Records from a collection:
╔══

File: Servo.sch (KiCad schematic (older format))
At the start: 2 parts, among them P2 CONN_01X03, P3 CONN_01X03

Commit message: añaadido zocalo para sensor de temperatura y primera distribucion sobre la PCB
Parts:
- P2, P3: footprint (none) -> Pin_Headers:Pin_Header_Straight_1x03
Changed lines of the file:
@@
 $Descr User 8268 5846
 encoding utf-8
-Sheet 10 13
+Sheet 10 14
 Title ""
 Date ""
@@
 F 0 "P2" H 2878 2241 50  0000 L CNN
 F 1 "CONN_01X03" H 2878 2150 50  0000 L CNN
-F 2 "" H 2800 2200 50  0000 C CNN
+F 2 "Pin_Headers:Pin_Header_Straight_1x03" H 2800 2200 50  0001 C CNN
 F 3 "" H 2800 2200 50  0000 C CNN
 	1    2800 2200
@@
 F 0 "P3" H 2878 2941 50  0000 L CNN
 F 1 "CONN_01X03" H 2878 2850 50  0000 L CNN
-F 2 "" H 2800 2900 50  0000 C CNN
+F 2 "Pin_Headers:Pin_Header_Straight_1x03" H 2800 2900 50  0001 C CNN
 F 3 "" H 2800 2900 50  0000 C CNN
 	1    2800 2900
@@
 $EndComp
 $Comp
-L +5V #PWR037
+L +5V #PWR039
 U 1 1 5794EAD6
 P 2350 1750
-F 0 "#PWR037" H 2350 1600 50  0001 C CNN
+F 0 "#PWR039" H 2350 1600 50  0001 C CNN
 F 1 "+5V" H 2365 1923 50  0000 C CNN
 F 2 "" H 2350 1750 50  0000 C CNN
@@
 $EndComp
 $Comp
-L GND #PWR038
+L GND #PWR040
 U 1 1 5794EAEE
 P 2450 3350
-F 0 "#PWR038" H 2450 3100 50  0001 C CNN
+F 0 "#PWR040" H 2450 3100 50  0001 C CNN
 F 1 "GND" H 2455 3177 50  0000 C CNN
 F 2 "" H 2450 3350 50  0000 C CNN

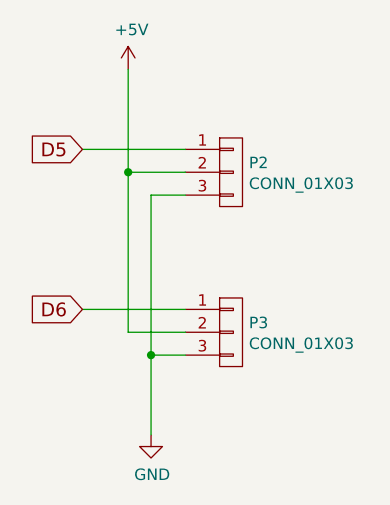
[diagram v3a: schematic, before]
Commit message: ordenar referencias de componentes
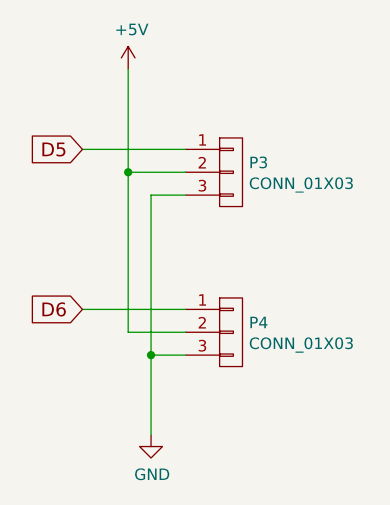
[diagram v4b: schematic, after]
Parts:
- P3: renamed from P2; Fabricante (none) -> TE CONNECTIVITY; Provedor (none) -> TME; Ref (none) -> 4-103321-8; Ref_Proveedor (none) -> 4-103321-8
- P4: renamed from P3; Fabricante (none) -> TE CONNECTIVITY; Provedor (none) -> TME; Ref (none) -> 4-103321-8; Ref_Proveedor (none) -> 4-103321-8
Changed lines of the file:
@@
 $Descr User 8268 5846
 encoding utf-8
-Sheet 10 15
+Sheet 6 15
 Title ""
 Date ""
@@
 $EndDescr
 $Comp
-L CONN_01X03 P2
+L CONN_01X03 P3
 U 1 1 5794EA47
 P 2800 2200
-F 0 "P2" H 2878 2241 50  0000 L CNN
+F 0 "P3" H 2878 2241 50  0000 L CNN
 F 1 "CONN_01X03" H 2878 2150 50  0000 L CNN
 F 2 "Pin_Headers:Pin_Header_Straight_1x03" H 2800 2200 50  0001 C CNN
 F 3 "" H 2800 2200 50  0000 C CNN
+F 4 "TE CONNECTIVITY" H 2800 2200 60  0001 C CNN "Fabricante"
+F 5 "4-103321-8" H 2800 2200 60  0001 C CNN "Ref"
+F 6 "~" H 2800 2200 60  0001 C CNN "Potencia"
+F 7 "~" H 2800 2200 60  0001 C CNN "Tolerancia"
+F 8 "TME" H 2800 2200 60  0001 C CNN "Provedor"
+F 9 "4-103321-8" H 2800 2200 60  0001 C CNN "Ref_Proveedor"
 	1    2800 2200
 	1    0    0    -1
 $EndComp
 $Comp
-L CONN_01X03 P3
+L CONN_01X03 P4
 U 1 1 5794EAA8
 P 2800 2900
-F 0 "P3" H 2878 2941 50  0000 L CNN
+F 0 "P4" H 2878 2941 50  0000 L CNN
 F 1 "CONN_01X03" H 2878 2850 50  0000 L CNN
 F 2 "Pin_Headers:Pin_Header_Straight_1x03" H 2800 2900 50  0001 C CNN
 F 3 "" H 2800 2900 50  0000 C CNN
+F 4 "TE CONNECTIVITY" H 2800 2900 60  0001 C CNN "Fabricante"
+F 5 "4-103321-8" H 2800 2900 60  0001 C CNN "Ref"
+F 6 "~" H 2800 2900 60  0001 C CNN "Potencia"
+F 7 "~" H 2800 2900 60  0001 C CNN "Tolerancia"
+F 8 "TME" H 2800 2900 60  0001 C CNN "Provedor"
+F 9 "4-103321-8" H 2800 2900 60  0001 C CNN "Ref_Proveedor"
 	1    2800 2900
 	1    0    0    -1
 $EndComp
 $Comp
-L +5V #PWR032
+L +5V #PWR18
 U 1 1 5794EAD6
 P 2350 1750
-F 0 "#PWR032" H 2350 1600 50  0001 C CNN
+F 0 "#PWR18" H 2350 1600 50  0001 C CNN
 F 1 "+5V" H 2365 1923 50  0000 C CNN
 F 2 "" H 2350 1750 50  0000 C CNN
@@
 $EndComp
 $Comp
-L GND #PWR033
+L GND #PWR19
 U 1 1 5794EAEE
 P 2450 3350
-F 0 "#PWR033" H 2450 3100 50  0001 C CNN
+F 0 "#PWR19" H 2450 3100 50  0001 C CNN
 F 1 "GND" H 2455 3177 50  0000 C CNN
 F 2 "" H 2450 3350 50  0000 C CNN

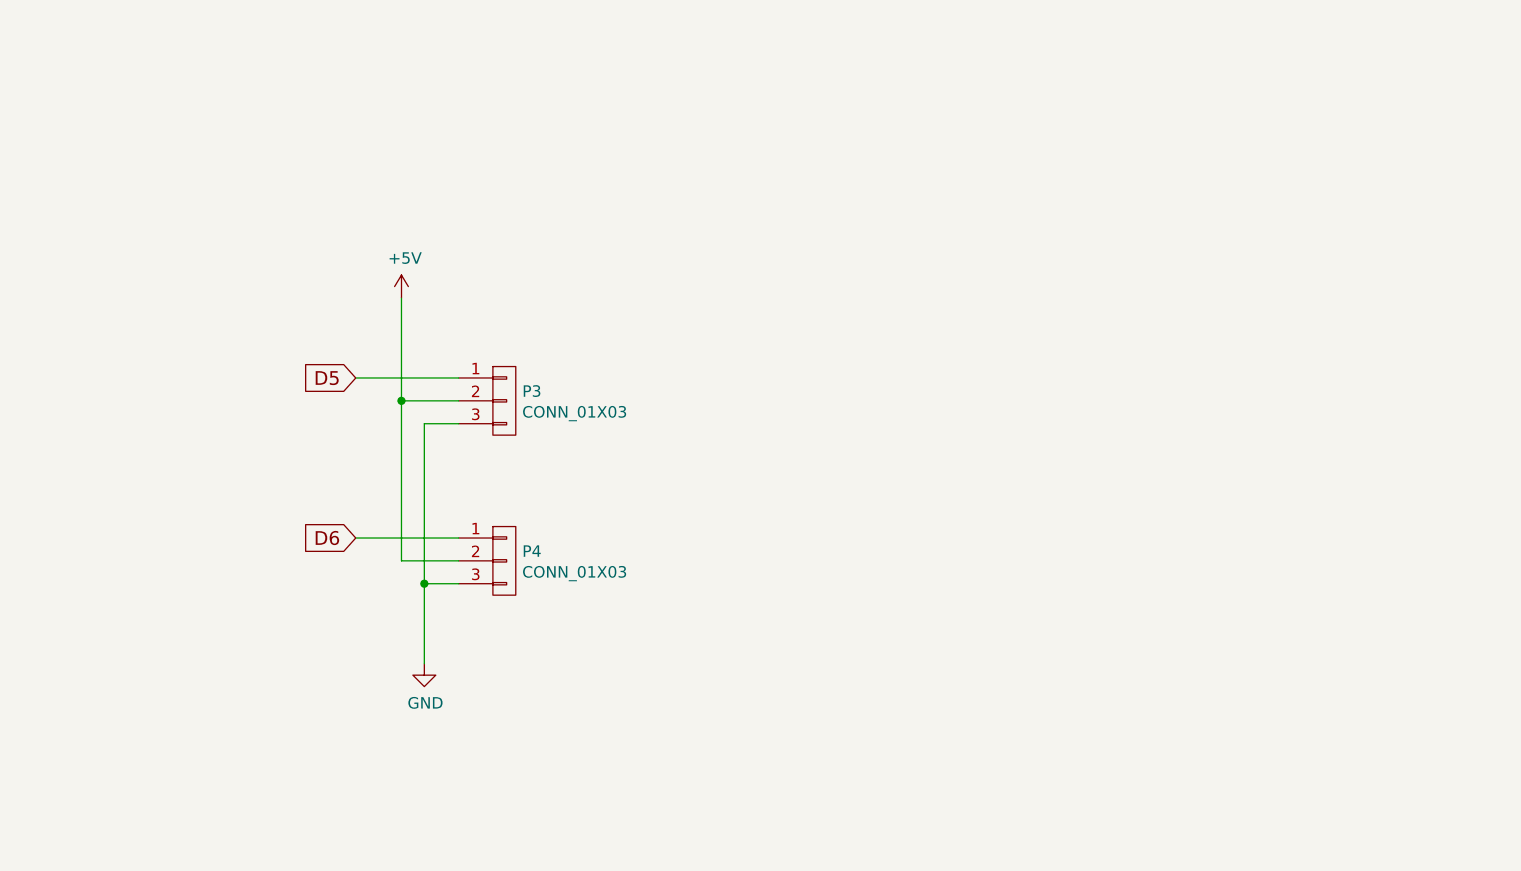
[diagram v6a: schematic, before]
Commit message: añadidos driver para led y conectores para fotodiodos infrarrojos
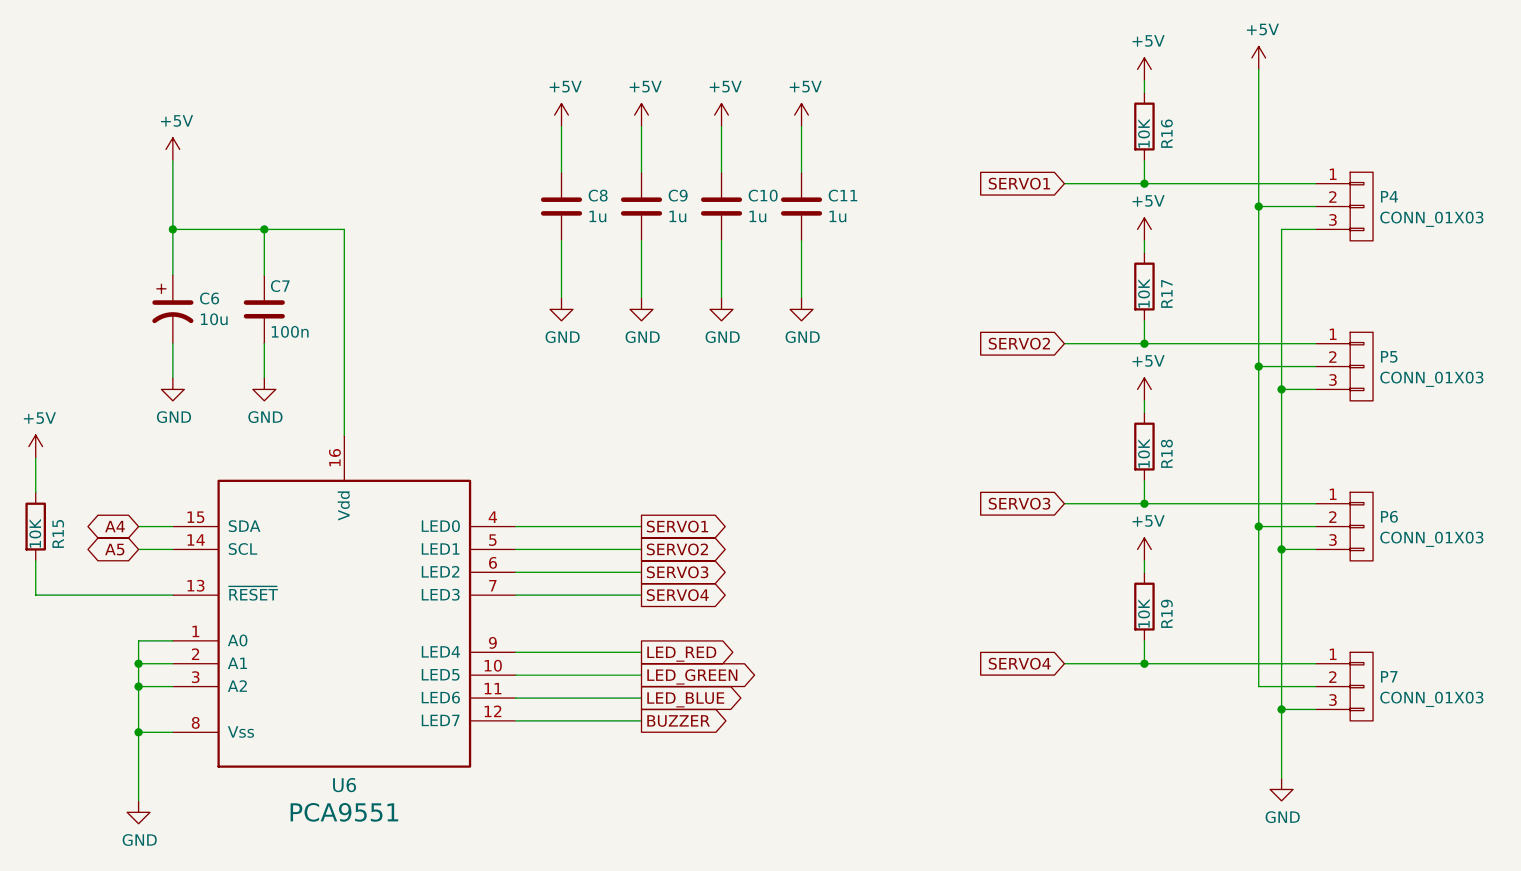
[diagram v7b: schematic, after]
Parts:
- added C10, C11, C8, C9: 1u, Capacitors_SMD:C_0805, symbol C
- added C6: 10u, Capacitors_Tantalum_SMD:Tantalum_Case-A_EIA-3216-18_Reflow, symbol CP1
- added C7: 100n, Capacitors_SMD:C_0805, symbol C
- added P6, P7: CONN_01X03, Pin_Headers:Pin_Header_Straight_1x03, symbol CONN_01X03
- added R15, R16, R17, R18, R19: 10K, Resistencias:R_0805, symbol R
- added U6: PCA9551, Housings_SSOP:TSSOP-16_4.4x5mm_Pitch0.65mm, symbol PCA9551
- renumbered P3 to P4, P4 to P5
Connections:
- net +5V: now also C10.1, C11.1, C6.1, C7.1, C8.1, C9.1, P6.2 (P2), P7.2 (P2), R15.1, R16.1, R17.1, R18.1, R19.1, U6.16 (Vdd)
- net GND: now also C10.2, C11.2, C6.2, C7.2, C8.2, C9.2, P6.3 (P3), P7.3 (P3), U6.1 (A0), U6.2 (A1), U6.3 (A2), U6.8 (Vss)
- net D5 renamed SERVO1
- net SERVO1: now also R16.2, U6.4 (LED0)
- net D6 renamed SERVO2
- net SERVO2: now also R17.2, U6.5 (LED1)
- new net: R15.2, U6.13 (~RESET)
- new net A4: U6.15 (SDA)
- new net A5: U6.14 (SCL)
- new net BUZZER: U6.12 (LED7)
- new net LED_BLUE: U6.11 (LED6)
- new net LED_GREEN: U6.10 (LED5)
- new net LED_RED: U6.9 (LED4)
- new net SERVO3: P6.1 (P1), R18.2, U6.6 (LED2)
- new net SERVO4: P7.1 (P1), R19.2, U6.7 (LED3)
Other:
- moved on the sheet: P4, P5

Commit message: finalizado enrutado provisional
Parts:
- removed C6: 10u, Capacitors_Tantalum_SMD:Tantalum_Case-A_EIA-3216-18_Reflow, symbol CP1
- P4, P5, P6, P7: footprint Pin_Headers:Pin_Header_Straight_1x03 -> Pin_Headers:Pin_Header_Straight_1x03_Pitch2.54mm
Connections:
- net LED_BLUE: now also U6.10 (LED5); no longer U6.11 (LED6)
- net LED_GREEN: now also U6.11 (LED6); no longer U6.10 (LED5)
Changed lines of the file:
@@
 F 0 "P4" H 6628 1391 50  0000 L CNN
 F 1 "CONN_01X03" H 6628 1300 50  0000 L CNN
-F 2 "Pin_Headers:Pin_Header_Straight_1x03" H 6550 1350 50  0001 C CNN
+F 2 "Pin_Headers:Pin_Header_Straight_1x03_Pitch2.54mm" H 6550 1350 50  0001 C CNN
 F 3 "" H 6550 1350 50  0000 C CNN
 F 4 "TE CONNECTIVITY" H 6550 1350 60  0001 C CNN "Fabricante"
@@
 F 0 "P5" H 6628 2091 50  0000 L CNN
 F 1 "CONN_01X03" H 6628 2000 50  0000 L CNN
-F 2 "Pin_Headers:Pin_Header_Straight_1x03" H 6550 2050 50  0001 C CNN
+F 2 "Pin_Headers:Pin_Header_Straight_1x03_Pitch2.54mm" H 6550 2050 50  0001 C CNN
 F 3 "" H 6550 2050 50  0000 C CNN
 F 4 "TE CONNECTIVITY" H 6550 2050 60  0001 C CNN "Fabricante"
@@
 F 0 "P6" H 6628 2791 50  0000 L CNN
 F 1 "CONN_01X03" H 6628 2700 50  0000 L CNN
-F 2 "Pin_Headers:Pin_Header_Straight_1x03" H 6550 2750 50  0001 C CNN
+F 2 "Pin_Headers:Pin_Header_Straight_1x03_Pitch2.54mm" H 6550 2750 50  0001 C CNN
 F 3 "" H 6550 2750 50  0000 C CNN
 F 4 "TE CONNECTIVITY" H 6550 2750 60  0001 C CNN "Fabricante"
@@
 F 0 "P7" H 6628 3491 50  0000 L CNN
 F 1 "CONN_01X03" H 6628 3400 50  0000 L CNN
-F 2 "Pin_Headers:Pin_Header_Straight_1x03" H 6550 3450 50  0001 C CNN
+F 2 "Pin_Headers:Pin_Header_Straight_1x03_Pitch2.54mm" H 6550 3450 50  0001 C CNN
 F 3 "" H 6550 3450 50  0000 C CNN
 F 4 "TE CONNECTIVITY" H 6550 3450 60  0001 C CNN "Fabricante"
@@
 Wire Wire Line
 	2100 1450 2100 2350
-Wire Wire Line
-	1350 1450 2100 1450
-Wire Wire Line
-	1350 1150 1350 1650
-Connection ~ 1350 1450
 $Comp
 L GND #PWR035
@@
 	1    0    0    -1
 $EndComp
+Wire Wire Line
+	1750 2100 1750 1950
+Wire Wire Line
+	2850 2750 3400 2750
+Wire Wire Line
+	2850 2850 3400 2850
+Wire Wire Line
+	2850 2950 3400 2950
+Wire Wire Line
+	2850 3050 3400 3050
+Wire Wire Line
+	2850 3300 3400 3300
+Wire Wire Line
+	2850 3400 3400 3400
+Wire Wire Line
+	2850 3500 3400 3500
+Wire Wire Line
+	2850 3600 3400 3600
+Wire Wire Line
+	1200 3650 1350 3650
+Wire Wire Line
+	1200 3250 1200 3950
 $Comp
 L GND #PWR036
-U 1 1 586D5E3A
-P 1350 2100
-F 0 "#PWR036" H 1350 1850 50  0001 C CNN
-F 1 "GND" H 1355 1927 50  0000 C CNN
-F 2 "" H 1350 2100 50  0000 C CNN
-F 3 "" H 1350 2100 50  0000 C CNN
-	1    1350 2100
-	1    0    0    -1
-$EndComp
-Wire Wire Line
-	1350 1950 1350 2100
-Wire Wire Line
-	1750 2100 1750 1950
-Wire Wire Line
-	2850 2750 3400 2750
-Wire Wire Line
-	2850 2850 3400 2850
-Wire Wire Line
-	2850 2950 3400 2950
-Wire Wire Line
-	2850 3050 3400 3050
-Wire Wire Line
-	2850 3300 3400 3300
-Wire Wire Line
-	2850 3400 3400 3400
-Wire Wire Line
-	2850 3500 3400 3500
-Wire Wire Line
-	2850 3600 3400 3600
-Wire Wire Line
-	1200 3650 1350 3650
-Wire Wire Line
-	1200 3250 1200 3950
-$Comp
-L GND #PWR037
 U 1 1 586D660B
 P 1200 3950
-F 0 "#PWR037" H 1200 3700 50  0001 C CNN
+F 0 "#PWR036" H 1200 3700 50  0001 C CNN
 F 1 "GND" H 1205 3777 50  0000 C CNN
 F 2 "" H 1200 3950 50  0000 C CNN
@@
 Text GLabel 3400 3300 2    50   Output ~ 0
 LED_RED
+Text GLabel 3400 3500 2    50   Output ~ 0
+LED_GREEN
 Text GLabel 3400 3400 2    50   Output ~ 0
-LED_GREEN
-Text GLabel 3400 3500 2    50   Output ~ 0
 LED_BLUE
 Text GLabel 3400 3600 2    50   Output ~ 0
@@
 SERVO4
 $Comp
-L +5V #PWR038
+L +5V #PWR037
 U 1 1 586D839D
-P 1350 1150
-F 0 "#PWR038" H 1350 1000 50  0001 C CNN
-F 1 "+5V" H 1365 1323 50  0000 C CNN
-F 2 "" H 1350 1150 50  0000 C CNN
-F 3 "" H 1350 1150 50  0000 C CNN
-	1    1350 1150
-	1    0    0    -1
-$EndComp
-Wire Wire Line
-	1750 1650 1750 1450
+P 1750 1300
+F 0 "#PWR037" H 1750 1150 50  0001 C CNN
+F 1 "+5V" H 1765 1473 50  0000 C CNN
+F 2 "" H 1750 1300 50  0000 C CNN
+F 3 "" H 1750 1300 50  0000 C CNN
+	1    1750 1300
+	1    0    0    -1
+$EndComp
+Wire Wire Line
+	1750 1300 1750 1650
 Connection ~ 1750 1450
 Wire Wire Line
@@
 	5600 800  5600 850
 $Comp
-L +5V #PWR039
+L +5V #PWR038
 U 1 1 586FF4A2
 P 5600 2900
-F 0 "#PWR039" H 5600 2750 50  0001 C CNN
+F 0 "#PWR038" H 5600 2750 50  0001 C CNN
 F 1 "+5V" H 5615 3073 50  0000 C CNN
 F 2 "" H 5600 2900 50  0000 C CNN
@@
 	5600 2900 5600 2950
 $Comp
-L +5V #PWR040
+L +5V #PWR039
 U 1 1 586FF5CA
 P 5600 800
-F 0 "#PWR040" H 5600 650 50  0001 C CNN
+F 0 "#PWR039" H 5600 650 50  0001 C CNN
 F 1 "+5V" H 5615 973 50  0000 C CNN
 F 2 "" H 5600 800 50  0000 C CNN
@@
 $EndComp
 $Comp
-L +5V #PWR041
+L +5V #PWR040
 U 1 1 586FF689
 P 5600 2200
-F 0 "#PWR041" H 5600 2050 50  0001 C CNN
+F 0 "#PWR040" H 5600 2050 50  0001 C CNN
 F 1 "+5V" H 5615 2373 50  0000 C CNN
 F 2 "" H 5600 2200 50  0000 C CNN
@@
 $EndComp
 $Comp
-L +5V #PWR042
+L +5V #PWR041
 U 1 1 586FF6C1
 P 5600 1500
-F 0 "#PWR042" H 5600 1350 50  0001 C CNN
+F 0 "#PWR041" H 5600 1350 50  0001 C CNN
 F 1 "+5V" H 5615 1673 50  0000 C CNN
 F 2 "" H 5600 1500 50  0000 C CNN
@@
 	750  3050 1350 3050
 $Comp
-L +5V #PWR043
+L +5V #PWR042
 U 1 1 58700007
 P 750 2450
-F 0 "#PWR043" H 750 2300 50  0001 C CNN
+F 0 "#PWR042" H 750 2300 50  0001 C CNN
 F 1 "+5V" H 765 2623 50  0000 C CNN
 F 2 "" H 750 2450 50  0000 C CNN
@@
 	1    0    0    -1
 $EndComp
-$Comp
-L CP1 C6
-U 1 1 58701F31
-P 1350 1800
-F 0 "C6" H 1465 1846 50  0000 L CNN
-F 1 "10u" H 1465 1755 50  0000 L CNN
-F 2 "Capacitors_Tantalum_SMD:Tantalum_Case-A_EIA-3216-18_Reflow" H 1350 1800 50  0001 C CNN
-F 3 "http://www.tme.eu/es/Document/85f84849ee9dc6997647a15c8c95a9d3/taj.pdf" H 1350 1800 50  0001 C CNN
-F 4 "avx" H 1350 1800 60  0001 C CNN "Fabricante"
-F 5 "TAJA106M010RNJ" H 1350 1800 60  0001 C CNN "Ref"
-F 6 "~" H 1350 1800 60  0001 C CNN "Potencia"
-F 7 "~" H 1350 1800 60  0001 C CNN "Tolerancia"
-F 8 "tme" H 1350 1800 60  0001 C CNN "Provedor"
-F 9 "TAJA106M010R" H 1350 1800 60  0001 C CNN "Ref_Proveedor"
-	1    1350 1800
-	1    0    0    -1
-$EndComp
+Wire Wire Line
+	1750 1450 2100 1450
 $EndSCHEMATC

╚══

What needs to be done:
Where a line above contains the word "CONNECTIVITY", show that line.

Answer below:
- P3: renamed from P2; Fabricante (none) -> TE CONNECTIVITY; Provedor (none) -> TME; Ref (none) -> 4-103321-8; Ref_Proveedor (none) -> 4-103321-8
- P4: renamed from P3; Fabricante (none) -> TE CONNECTIVITY; Provedor (none) -> TME; Ref (none) -> 4-103321-8; Ref_Proveedor (none) -> 4-103321-8
+F 4 "TE CONNECTIVITY" H 2800 2200 60  0001 C CNN "Fabricante"
+F 4 "TE CONNECTIVITY" H 2800 2900 60  0001 C CNN "Fabricante"
 F 4 "TE CONNECTIVITY" H 6550 1350 60  0001 C CNN "Fabricante"
 F 4 "TE CONNECTIVITY" H 6550 2050 60  0001 C CNN "Fabricante"
 F 4 "TE CONNECTIVITY" H 6550 2750 60  0001 C CNN "Fabricante"
 F 4 "TE CONNECTIVITY" H 6550 3450 60  0001 C CNN "Fabricante"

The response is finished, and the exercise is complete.